WORK TO BE COMPLETED -
Beneath this task are records; print exactly the stretch of them from the line with "BOSS_EXTRUDE3_DEPTH = 17" through the line with "# CirPattern1: Cut-Extrude1 ×3 about axis", both ends included.

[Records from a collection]
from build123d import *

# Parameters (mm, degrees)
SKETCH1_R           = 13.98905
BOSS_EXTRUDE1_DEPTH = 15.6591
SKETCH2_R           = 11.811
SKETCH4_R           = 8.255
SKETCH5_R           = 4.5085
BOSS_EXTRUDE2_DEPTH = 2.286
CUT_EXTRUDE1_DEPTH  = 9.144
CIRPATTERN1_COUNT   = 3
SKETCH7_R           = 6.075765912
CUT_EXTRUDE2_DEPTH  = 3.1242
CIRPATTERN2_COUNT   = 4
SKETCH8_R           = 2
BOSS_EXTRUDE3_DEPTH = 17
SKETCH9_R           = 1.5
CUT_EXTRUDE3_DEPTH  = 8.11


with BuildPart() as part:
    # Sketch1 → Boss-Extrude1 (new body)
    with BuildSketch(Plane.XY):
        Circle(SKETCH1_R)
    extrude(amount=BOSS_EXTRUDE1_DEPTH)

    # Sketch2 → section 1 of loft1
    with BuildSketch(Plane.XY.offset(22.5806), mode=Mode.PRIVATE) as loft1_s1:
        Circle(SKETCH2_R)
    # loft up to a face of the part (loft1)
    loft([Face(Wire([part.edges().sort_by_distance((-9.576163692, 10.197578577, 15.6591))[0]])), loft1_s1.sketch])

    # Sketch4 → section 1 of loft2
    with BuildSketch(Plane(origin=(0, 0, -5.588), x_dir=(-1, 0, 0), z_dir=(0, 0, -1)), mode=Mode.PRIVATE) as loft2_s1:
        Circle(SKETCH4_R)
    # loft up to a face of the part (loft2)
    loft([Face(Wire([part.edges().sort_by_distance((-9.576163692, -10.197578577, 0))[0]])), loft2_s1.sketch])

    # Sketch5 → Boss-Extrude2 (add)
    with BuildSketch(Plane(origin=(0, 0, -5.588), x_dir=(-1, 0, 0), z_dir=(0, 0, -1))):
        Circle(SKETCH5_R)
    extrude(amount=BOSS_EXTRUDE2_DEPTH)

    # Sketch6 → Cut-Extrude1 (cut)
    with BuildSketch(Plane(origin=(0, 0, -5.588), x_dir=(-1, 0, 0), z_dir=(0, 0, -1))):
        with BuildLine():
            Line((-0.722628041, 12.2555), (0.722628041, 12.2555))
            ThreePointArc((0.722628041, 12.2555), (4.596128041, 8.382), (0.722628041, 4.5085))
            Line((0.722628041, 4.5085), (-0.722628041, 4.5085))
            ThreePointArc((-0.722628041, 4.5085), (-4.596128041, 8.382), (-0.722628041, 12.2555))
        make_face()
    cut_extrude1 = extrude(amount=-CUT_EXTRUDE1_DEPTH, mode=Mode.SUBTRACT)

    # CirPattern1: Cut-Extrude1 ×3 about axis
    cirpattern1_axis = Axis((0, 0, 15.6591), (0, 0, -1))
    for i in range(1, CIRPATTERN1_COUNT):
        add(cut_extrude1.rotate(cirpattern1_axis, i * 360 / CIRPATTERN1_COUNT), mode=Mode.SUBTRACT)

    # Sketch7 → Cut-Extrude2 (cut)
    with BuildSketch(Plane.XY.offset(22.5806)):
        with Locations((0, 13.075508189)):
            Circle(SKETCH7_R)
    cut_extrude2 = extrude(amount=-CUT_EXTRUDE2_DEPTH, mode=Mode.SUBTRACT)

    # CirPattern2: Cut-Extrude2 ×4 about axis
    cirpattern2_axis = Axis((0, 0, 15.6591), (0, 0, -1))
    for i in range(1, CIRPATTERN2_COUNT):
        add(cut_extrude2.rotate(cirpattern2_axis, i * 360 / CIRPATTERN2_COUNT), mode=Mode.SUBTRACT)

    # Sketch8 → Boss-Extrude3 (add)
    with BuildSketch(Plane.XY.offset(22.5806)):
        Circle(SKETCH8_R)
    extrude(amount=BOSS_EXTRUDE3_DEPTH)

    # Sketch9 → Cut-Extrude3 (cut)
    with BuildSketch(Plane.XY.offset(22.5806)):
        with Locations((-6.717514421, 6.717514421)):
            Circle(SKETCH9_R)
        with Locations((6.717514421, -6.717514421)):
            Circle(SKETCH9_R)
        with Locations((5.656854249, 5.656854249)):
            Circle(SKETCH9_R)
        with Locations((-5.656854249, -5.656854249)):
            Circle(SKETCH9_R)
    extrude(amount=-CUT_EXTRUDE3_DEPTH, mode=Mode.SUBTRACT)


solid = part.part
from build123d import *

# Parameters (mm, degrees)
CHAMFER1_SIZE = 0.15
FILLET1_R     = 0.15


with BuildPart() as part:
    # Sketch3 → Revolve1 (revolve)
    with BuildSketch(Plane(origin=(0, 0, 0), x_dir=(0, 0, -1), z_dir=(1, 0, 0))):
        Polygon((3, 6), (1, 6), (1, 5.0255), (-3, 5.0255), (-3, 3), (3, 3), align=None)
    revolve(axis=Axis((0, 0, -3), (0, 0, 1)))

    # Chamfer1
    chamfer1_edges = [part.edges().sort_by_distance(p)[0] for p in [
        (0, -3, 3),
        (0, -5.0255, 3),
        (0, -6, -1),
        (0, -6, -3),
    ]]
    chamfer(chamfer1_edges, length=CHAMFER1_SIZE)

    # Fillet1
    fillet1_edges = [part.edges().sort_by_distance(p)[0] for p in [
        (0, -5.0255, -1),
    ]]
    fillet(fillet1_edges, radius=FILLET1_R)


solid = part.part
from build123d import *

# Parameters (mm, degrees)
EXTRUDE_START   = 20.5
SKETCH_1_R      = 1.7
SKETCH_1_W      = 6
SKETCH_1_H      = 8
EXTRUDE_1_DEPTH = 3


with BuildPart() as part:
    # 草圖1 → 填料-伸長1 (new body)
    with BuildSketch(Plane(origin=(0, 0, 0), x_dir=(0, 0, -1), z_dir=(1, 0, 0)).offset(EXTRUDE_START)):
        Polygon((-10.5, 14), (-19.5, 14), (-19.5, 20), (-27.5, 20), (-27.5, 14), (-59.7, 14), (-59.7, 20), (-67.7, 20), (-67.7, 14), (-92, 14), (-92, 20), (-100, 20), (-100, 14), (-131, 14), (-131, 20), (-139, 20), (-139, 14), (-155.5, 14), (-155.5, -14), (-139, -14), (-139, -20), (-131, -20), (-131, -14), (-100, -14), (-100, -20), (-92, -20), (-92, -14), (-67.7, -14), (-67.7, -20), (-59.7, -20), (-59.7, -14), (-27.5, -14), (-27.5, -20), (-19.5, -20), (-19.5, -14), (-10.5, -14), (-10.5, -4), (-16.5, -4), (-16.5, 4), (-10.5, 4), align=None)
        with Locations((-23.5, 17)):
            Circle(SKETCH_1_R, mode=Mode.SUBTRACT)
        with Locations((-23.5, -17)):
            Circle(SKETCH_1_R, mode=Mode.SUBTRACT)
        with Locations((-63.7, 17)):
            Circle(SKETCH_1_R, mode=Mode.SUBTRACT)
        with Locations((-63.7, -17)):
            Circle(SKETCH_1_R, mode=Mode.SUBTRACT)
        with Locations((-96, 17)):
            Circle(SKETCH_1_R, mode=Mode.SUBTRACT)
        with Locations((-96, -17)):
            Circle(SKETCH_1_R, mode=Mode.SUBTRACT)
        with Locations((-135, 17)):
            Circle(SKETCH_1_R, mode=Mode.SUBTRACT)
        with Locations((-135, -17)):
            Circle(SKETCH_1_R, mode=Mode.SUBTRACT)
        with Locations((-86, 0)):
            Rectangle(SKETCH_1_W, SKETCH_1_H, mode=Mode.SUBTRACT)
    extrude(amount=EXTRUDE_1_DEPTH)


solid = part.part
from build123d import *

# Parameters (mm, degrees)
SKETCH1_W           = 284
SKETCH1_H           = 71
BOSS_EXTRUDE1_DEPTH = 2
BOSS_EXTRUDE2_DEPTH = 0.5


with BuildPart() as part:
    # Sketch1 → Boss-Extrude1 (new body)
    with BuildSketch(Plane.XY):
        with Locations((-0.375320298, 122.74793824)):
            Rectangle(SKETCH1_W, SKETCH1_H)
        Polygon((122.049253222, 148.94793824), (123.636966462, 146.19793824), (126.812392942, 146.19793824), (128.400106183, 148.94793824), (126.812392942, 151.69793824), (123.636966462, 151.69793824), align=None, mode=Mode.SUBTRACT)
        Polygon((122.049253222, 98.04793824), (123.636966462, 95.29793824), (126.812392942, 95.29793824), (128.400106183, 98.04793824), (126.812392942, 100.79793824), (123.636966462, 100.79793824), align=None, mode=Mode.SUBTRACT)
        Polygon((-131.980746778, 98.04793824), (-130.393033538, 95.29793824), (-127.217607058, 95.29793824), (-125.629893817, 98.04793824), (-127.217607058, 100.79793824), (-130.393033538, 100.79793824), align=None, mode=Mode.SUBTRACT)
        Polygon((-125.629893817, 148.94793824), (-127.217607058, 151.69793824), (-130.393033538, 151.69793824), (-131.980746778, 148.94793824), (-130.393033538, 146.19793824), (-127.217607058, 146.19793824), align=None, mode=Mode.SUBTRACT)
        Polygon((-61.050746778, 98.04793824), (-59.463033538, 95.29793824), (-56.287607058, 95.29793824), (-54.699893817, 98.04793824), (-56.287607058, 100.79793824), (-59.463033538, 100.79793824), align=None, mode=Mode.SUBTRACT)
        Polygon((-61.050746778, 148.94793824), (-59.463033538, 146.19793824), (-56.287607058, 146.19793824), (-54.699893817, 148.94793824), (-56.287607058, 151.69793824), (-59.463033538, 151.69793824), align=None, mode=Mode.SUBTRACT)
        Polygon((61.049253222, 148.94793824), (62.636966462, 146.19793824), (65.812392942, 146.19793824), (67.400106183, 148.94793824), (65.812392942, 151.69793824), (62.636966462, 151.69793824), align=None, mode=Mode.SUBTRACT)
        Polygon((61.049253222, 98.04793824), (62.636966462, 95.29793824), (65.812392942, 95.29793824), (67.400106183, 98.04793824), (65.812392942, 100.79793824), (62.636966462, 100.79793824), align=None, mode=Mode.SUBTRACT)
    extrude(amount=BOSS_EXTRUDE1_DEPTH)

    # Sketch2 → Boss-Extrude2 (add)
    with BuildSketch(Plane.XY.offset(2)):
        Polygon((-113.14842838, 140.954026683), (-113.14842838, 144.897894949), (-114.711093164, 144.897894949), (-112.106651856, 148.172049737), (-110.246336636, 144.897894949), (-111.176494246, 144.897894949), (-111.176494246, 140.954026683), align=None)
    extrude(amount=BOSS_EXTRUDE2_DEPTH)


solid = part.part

RESULT OF THE TASK -
BOSS_EXTRUDE3_DEPTH = 17
SKETCH9_R           = 1.5
CUT_EXTRUDE3_DEPTH  = 8.11


with BuildPart() as part:
    # Sketch1 → Boss-Extrude1 (new body)
    with BuildSketch(Plane.XY):
        Circle(SKETCH1_R)
    extrude(amount=BOSS_EXTRUDE1_DEPTH)

    # Sketch2 → section 1 of loft1
    with BuildSketch(Plane.XY.offset(22.5806), mode=Mode.PRIVATE) as loft1_s1:
        Circle(SKETCH2_R)
    # loft up to a face of the part (loft1)
    loft([Face(Wire([part.edges().sort_by_distance((-9.576163692, 10.197578577, 15.6591))[0]])), loft1_s1.sketch])

    # Sketch4 → section 1 of loft2
    with BuildSketch(Plane(origin=(0, 0, -5.588), x_dir=(-1, 0, 0), z_dir=(0, 0, -1)), mode=Mode.PRIVATE) as loft2_s1:
        Circle(SKETCH4_R)
    # loft up to a face of the part (loft2)
    loft([Face(Wire([part.edges().sort_by_distance((-9.576163692, -10.197578577, 0))[0]])), loft2_s1.sketch])

    # Sketch5 → Boss-Extrude2 (add)
    with BuildSketch(Plane(origin=(0, 0, -5.588), x_dir=(-1, 0, 0), z_dir=(0, 0, -1))):
        Circle(SKETCH5_R)
    extrude(amount=BOSS_EXTRUDE2_DEPTH)

    # Sketch6 → Cut-Extrude1 (cut)
    with BuildSketch(Plane(origin=(0, 0, -5.588), x_dir=(-1, 0, 0), z_dir=(0, 0, -1))):
        with BuildLine():
            Line((-0.722628041, 12.2555), (0.722628041, 12.2555))
            ThreePointArc((0.722628041, 12.2555), (4.596128041, 8.382), (0.722628041, 4.5085))
            Line((0.722628041, 4.5085), (-0.722628041, 4.5085))
            ThreePointArc((-0.722628041, 4.5085), (-4.596128041, 8.382), (-0.722628041, 12.2555))
        make_face()
    cut_extrude1 = extrude(amount=-CUT_EXTRUDE1_DEPTH, mode=Mode.SUBTRACT)

    # CirPattern1: Cut-Extrude1 ×3 about axis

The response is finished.